#### REQUIRED WORK
Find the word "Bottom" in the data, then copy each line where it is found.

#### INPUT FOR THIS TASK
↓

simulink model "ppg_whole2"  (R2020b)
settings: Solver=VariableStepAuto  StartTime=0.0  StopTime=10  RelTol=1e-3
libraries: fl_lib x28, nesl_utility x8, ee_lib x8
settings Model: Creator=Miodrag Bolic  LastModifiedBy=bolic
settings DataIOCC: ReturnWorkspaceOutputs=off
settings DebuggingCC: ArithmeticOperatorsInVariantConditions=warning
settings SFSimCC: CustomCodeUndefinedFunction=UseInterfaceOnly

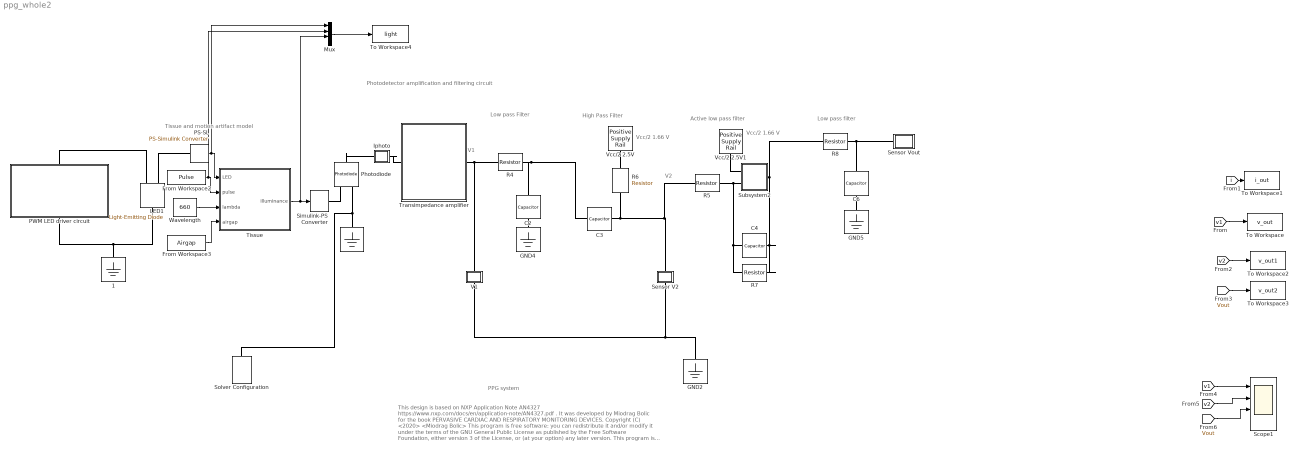
== system ppg_whole2 ==
  note: V1
  note: Low pass filter
  note: Active low pass filter
  note: High Pass Filter
  note: Low pass Filter
  note: V2
  note: Vcc/2
      | 1.66 V
  note: PPG system
  note: This design is based on NXP Application Note AN4327 https://www.nxp.com/docs/en/application-note/AN4327.pdf . It was developed by Miodrag Bolic for the book
      | PERVASIVE CARDIAC AND RESPIRATORY MONITORING DEVICES.
      |
      | Copyright (C) <2020> <Miodrag Bolic>
      | This program is free software: you can redistribute it and/or modify it under the terms of the GNU General Public License as published by the Free Software Foundation, either version 3 of the License, or (at your option) any later version. This program is distributed in the hope that it will be useful, but WITHOUT ANY WARRANTY; without even the implied warranty of MERCHANTABILITY or FITNESS FOR A PARTICULAR PURPOSE. See the GNU General Public License for more details <https://www.gnu.org/licenses/>.
  note: Tissue and motion artifact model
  note: Photodetector amplification and filtering circuit
  note: Vcc/2
      | 1.66 V
  " " : fl_lib/Electrical/Electrical Elements/Electrical Reference
  " 1" : fl_lib/Electrical/Electrical Elements/Electrical Reference
  C2 : fl_lib/Electrical/Electrical Elements/Capacitor  c=3.3 uF  r=1e-6 Ohm  g=0 1/Ohm  i_specify=off  i_priority=None  i=0 A  i_nominal_specify=off  i_nominal_unit=A  i_nominal_value=1  v_specify=off  v_priority=None  v=0 V  v_nominal_specify=off  v_nominal_unit=V  v_nominal_value=1  vc_specify=off  vc_priority=High  vc=0 V  vc_nominal_specify=off  vc_nominal_unit=V  vc_nominal_value=1
      settings: AttributesFormatString=%<c> %<c_unit>
  C3 : fl_lib/Electrical/Electrical Elements/Capacitor  c=3.3 uF  r=1e-6 Ohm  g=0 1/Ohm  i_specify=off  i_priority=None  i=0 A  i_nominal_specify=off  i_nominal_unit=A  i_nominal_value=1  v_specify=off  v_priority=None  v=0 V  v_nominal_specify=off  v_nominal_unit=V  v_nominal_value=1  vc_specify=off  vc_priority=High  vc=0 V  vc_nominal_specify=off  vc_nominal_unit=V  vc_nominal_value=1
      settings: AttributesFormatString=%<c> %<c_unit>
  C4 : fl_lib/Electrical/Electrical Elements/Capacitor  c=0.6 nF  r=1e-6 Ohm  g=0 1/Ohm  i_specify=off  i_priority=None  i=0 A  i_nominal_specify=off  i_nominal_unit=A  i_nominal_value=1  v_specify=off  v_priority=None  v=0 V  v_nominal_specify=off  v_nominal_unit=V  v_nominal_value=1  vc_specify=off  vc_priority=High  vc=0 V  vc_nominal_specify=off  vc_nominal_unit=V  vc_nominal_value=1
      settings: AttributesFormatString=%<c> %<c_unit>
  C6 : fl_lib/Electrical/Electrical Elements/Capacitor  c=1 uF  r=1e-6 Ohm  g=0 1/Ohm  i_specify=off  i_priority=None  i=0 A  i_nominal_specify=off  i_nominal_unit=A  i_nominal_value=1  v_specify=off  v_priority=None  v=0 V  v_nominal_specify=off  v_nominal_unit=V  v_nominal_value=1  vc_specify=off  vc_priority=High  vc=0 V  vc_nominal_specify=off  vc_nominal_unit=V  vc_nominal_value=1
      settings: AttributesFormatString=%<c> %<c_unit>
  From Workspace2 : FromWorkspace  VariableName=Pulse  SampleTime=0.0001  OutputAfterFinalValue=Setting to zero
  From Workspace3 : FromWorkspace  VariableName=Airgap  SampleTime=0.0001  OutputAfterFinalValue=Setting to zero
  GND2 : fl_lib/Electrical/Electrical Elements/Electrical Reference
  GND4 : fl_lib/Electrical/Electrical Elements/Electrical Reference
      settings: AttributesFormatString=\n
  GND5 : fl_lib/Electrical/Electrical Elements/Electrical Reference
  Iphoto : Subsystem
      mask Display: disp('i')
  LED1 : ee_lib/Sensors & Transducers/Light-Emitting Diode  Gain=0.05 W/A  prmExp=1  I12=[.0017, .003] A  V12=[.9, 1.05] V  IS=5e-5 A  ec=10  RS=0.1 Ohm  Tmeas=25 degC  C_param=1  CJ=20 pF  CJ0=20 pF  VJ=1 V  Mgrad=0.5  Vvec=[.1, 10, 100] V  Cvec=[15, 10, 2] pF  FC=0.5  T_param=1  IS_T2=1.8e-4 A  I1_T2=0.0034 A  V1_T2=1.05 V  Tmeas2=125 degC  EG_param=1  EG=1.11 eV  XTI_param=1  XTI=3  Tdevice=25 degC  i_capacitor_specify=off  i_capacitor_priority=High  i_capacitor=0 A  i_capacitor_nominal_specify=off  i_capacitor_nominal_unit=A  i_capacitor_nominal_value=1  v_capacitor_specify=off  v_capacitor_priority=None  v_capacitor=0 V  v_capacitor_nominal_specify=off  v_capacitor_nominal_unit=V  v_capacitor_nominal_value=1  thermal_network_parameterization=ee.enum.thermalNetworkTopology.cauer  Rth=[0, 10] K/W  Rth_Foster=[4, 6] K/W  thermal_mass_parameterization=ee.enum.thermalNetwork.timeconstant  thermal_mass=[0, 1] J/K  thermal_mass_Foster=[1.5, 3] J/K  thermal_time_constant=[0, 10] s  thermal_time_constant_Foster=[6, 18] s  thermal_mass_initial_temperatures=[25, 25] degC
      settings: SourceProductBaseCode=PS  InternalSimscapePortConfiguration="{\"Bottom\":[],\"Left\":[{\"id\":\"W\",\"label\":\"W\",\"type\":\"output\"},{\"id\":\"p\",\"label\":\"\",\"type\":\"foundation.electrical.electrical\"}],\"Right\":[{\"id\":\"n\",\"label\":\"\",\"type\":\"foundation.electrical.electrical\"}],\"Top\":[]}"
  Mux : Mux
  PS-SL : nesl_utility/PS-Simulink Converter  PhysicalDomain=network_engine_domain  SubClassName=ps_output  LeftPortType=input  RightPortType=output  PseudoPeriodic=off  Frequencies=[]  Unit=1  AffineConversion=off
  PWM LED driver circuit : Subsystem
      mask Display:
      | %plot([])
      | image('PWM1.png')
  Photodiode : ee_lib/Sensors & Transducers/Photodiode  prmFlux=1  Imeas=10 uA  FluxD=10 W/m^2  G=5e-6 m^2*A/W  prmExp=2  I2=0.1 A  V2=1.3 V  IS=5e-9 A  ec=3  RS=0.001 Ohm  Tmeas=25 degC  C_param=1  CJ=70 pF  CJ0=70 pF  VJ=1 V  Mgrad=0.5  Vvec=[ 0.1 10 100 ] V  Cvec=[ 45 30 6 ] pF  FC=0.5  T_param=1  IS_T2=2.5e-7 A  I1_T2=0.07000000000000001 A  V1_T2=1.3 V  Tmeas2=125 degC  EG_param=1  EG=1.11 eV  XTI_param=1  XTI=3  Tdevice=25 degC  i_capacitor_specify=off  i_capacitor_priority=High  i_capacitor=0 A  i_capacitor_nominal_specify=off  i_capacitor_nominal_unit=A  i_capacitor_nominal_value=1  v_capacitor_specify=off  v_capacitor_priority=None  v_capacitor=0 V  v_capacitor_nominal_specify=off  v_capacitor_nominal_unit=V  v_capacitor_nominal_value=1  thermal_network_parameterization=ee.enum.thermalNetworkTopology.cauer  Rth=[0, 10] K/W  Rth_Foster=[4, 6] K/W  thermal_mass_parameterization=ee.enum.thermalNetwork.timeconstant  thermal_mass=[0, 1] J/K  thermal_mass_Foster=[1.5, 3] J/K  thermal_time_constant=[0, 10] s  thermal_time_constant_Foster=[6, 18] s  thermal_mass_initial_temperatures=[25, 25] degC
      settings: SourceProductBaseCode=PS  InternalSimscapePortConfiguration="{\"Bottom\":[],\"Left\":[{\"id\":\"W\",\"label\":\"W\",\"type\":\"input\"},{\"id\":\"p\",\"label\":\"\",\"type\":\"foundation.electrical.electrical\"}],\"Right\":[{\"id\":\"n\",\"label\":\"\",\"type\":\"foundation.electrical.electrical\"}],\"Top\":[]}"
  R4 : fl_lib/Electrical/Electrical Elements/Resistor  R=2.7 kOhm  i_specify=off  i_priority=None  i=0 A  i_nominal_specify=off  i_nominal_unit=A  i_nominal_value=1  v_specify=off  v_priority=None  v=0 V  v_nominal_specify=off  v_nominal_unit=V  v_nominal_value=1
      settings: AttributesFormatString=%<R> %<R_unit>
  R5 : fl_lib/Electrical/Electrical Elements/Resistor  R=150 kOhm  i_specify=off  i_priority=None  i=0 A  i_nominal_specify=off  i_nominal_unit=A  i_nominal_value=1  v_specify=off  v_priority=None  v=0 V  v_nominal_specify=off  v_nominal_unit=V  v_nominal_value=1
      settings: AttributesFormatString=%<R> %<R_unit>
  R6 : fl_lib/Electrical/Electrical Elements/Resistor  R=280 kOhm  i_specify=off  i_priority=None  i=0 A  i_nominal_specify=off  i_nominal_unit=A  i_nominal_value=1  v_specify=off  v_priority=None  v=0 V  v_nominal_specify=off  v_nominal_unit=V  v_nominal_value=1
      settings: AttributesFormatString=%<R> %<R_unit>
  R7 : fl_lib/Electrical/Electrical Elements/Resistor  R=15 MOhm  i_specify=off  i_priority=None  i=0 A  i_nominal_specify=off  i_nominal_unit=A  i_nominal_value=1  v_specify=off  v_priority=None  v=0 V  v_nominal_specify=off  v_nominal_unit=V  v_nominal_value=1
      settings: AttributesFormatString=%<R> %<R_unit>
  R8 : fl_lib/Electrical/Electrical Elements/Resistor  R=3.3 kOhm  i_specify=off  i_priority=None  i=0 A  i_nominal_specify=off  i_nominal_unit=A  i_nominal_value=1  v_specify=off  v_priority=None  v=0 V  v_nominal_specify=off  v_nominal_unit=V  v_nominal_value=1
      settings: AttributesFormatString=%<R> %<R_unit>
  Scope1 : Scope  NumInputPorts=4
  Sensor V2 : Subsystem
      mask Display: disp('v')
  Sensor Vout : Subsystem
      mask Display: disp('Vo')
  Simulink-PS Converter : nesl_utility/Simulink-PS Converter  PhysicalDomain=network_engine_domain  SubClassName=ps_input  LeftPortType=input  RightPortType=output  PseudoPeriodic=off  Frequencies=[]  NoiseDistribution=none  NoiseParameters=[]  Unit=1  AffineConversion=off  FilteringAndDerivatives=zero  SimscapeFilterOrder=1  InputFilterTimeConstant=0.001  UdotUserProvided=1
  Solver Configuration : nesl_utility/Solver Configuration  PhysicalDomain=network_engine_domain  SubClassName=solver  LeftPortType=input  RightPortType=generic  Tones=[]  Harmonics=[]  SimulateNoise=off  Profile=off  UseLocalSampling=off  EnableSwitchedLinearOptims=on  FrequencyDomain=off  UseCCode=off  RelTol=0.001  AbsTol=1e-06  MinStep=1e-09  ToWorkspace=off  RevertToSquareIcSolve=off  NumHomotopyIterations=100  PhasorMode=off  PhasorModeNumHarmonics=1  DoDC=off  ResidualTolerance=1e-09  UseLocalSolver=off  LocalSolverChoice=NE_TRAPEZOIDAL_ADVANCER  LocalSolverSampleTime=0.000001  DoFixedCost=off  MaxNonlinIter=3  MaxModeIter=2  ComputeImpulses=off  ImpulseIterations=2  LinearAlgebra=Sparse  EquationFormulation=NE_TIME_EF  DelaysMemoryBudget=1024  AutomaticFiltering=on  FilteringTimeConstant=0.0001  PartitionStorageMethod=AS_NEEDED  PartitionMemoryBudget=1024  PartitionMethod=FAST
  Subsystem2 : Subsystem
      mask Display: image('op_amp_plus_up.png')
  Tissue : MATLAB Function  TreatAsAtomicUnit=on
  To Workspace : ToWorkspace  VariableName=v_out  SaveFormat=Timeseries  SampleTime=-1
  To Workspace1 : ToWorkspace  VariableName=i_out  SaveFormat=Timeseries  SampleTime=-1
  To Workspace2 : ToWorkspace  VariableName=v_out1  SaveFormat=Timeseries  SampleTime=-1
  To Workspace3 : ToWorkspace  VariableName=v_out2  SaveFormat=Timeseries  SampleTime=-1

↑

#### REPLY TO THE EXERCISE
      settings: SourceProductBaseCode=PS  InternalSimscapePortConfiguration="{\"Bottom\":[],\"Left\":[{\"id\":\"W\",\"label\":\"W\",\"type\":\"output\"},{\"id\":\"p\",\"label\":\"\",\"type\":\"foundation.electrical.electrical\"}],\"Right\":[{\"id\":\"n\",\"label\":\"\",\"type\":\"foundation.electrical.electrical\"}],\"Top\":[]}"
      settings: SourceProductBaseCode=PS  InternalSimscapePortConfiguration="{\"Bottom\":[],\"Left\":[{\"id\":\"W\",\"label\":\"W\",\"type\":\"input\"},{\"id\":\"p\",\"label\":\"\",\"type\":\"foundation.electrical.electrical\"}],\"Right\":[{\"id\":\"n\",\"label\":\"\",\"type\":\"foundation.electrical.electrical\"}],\"Top\":[]}"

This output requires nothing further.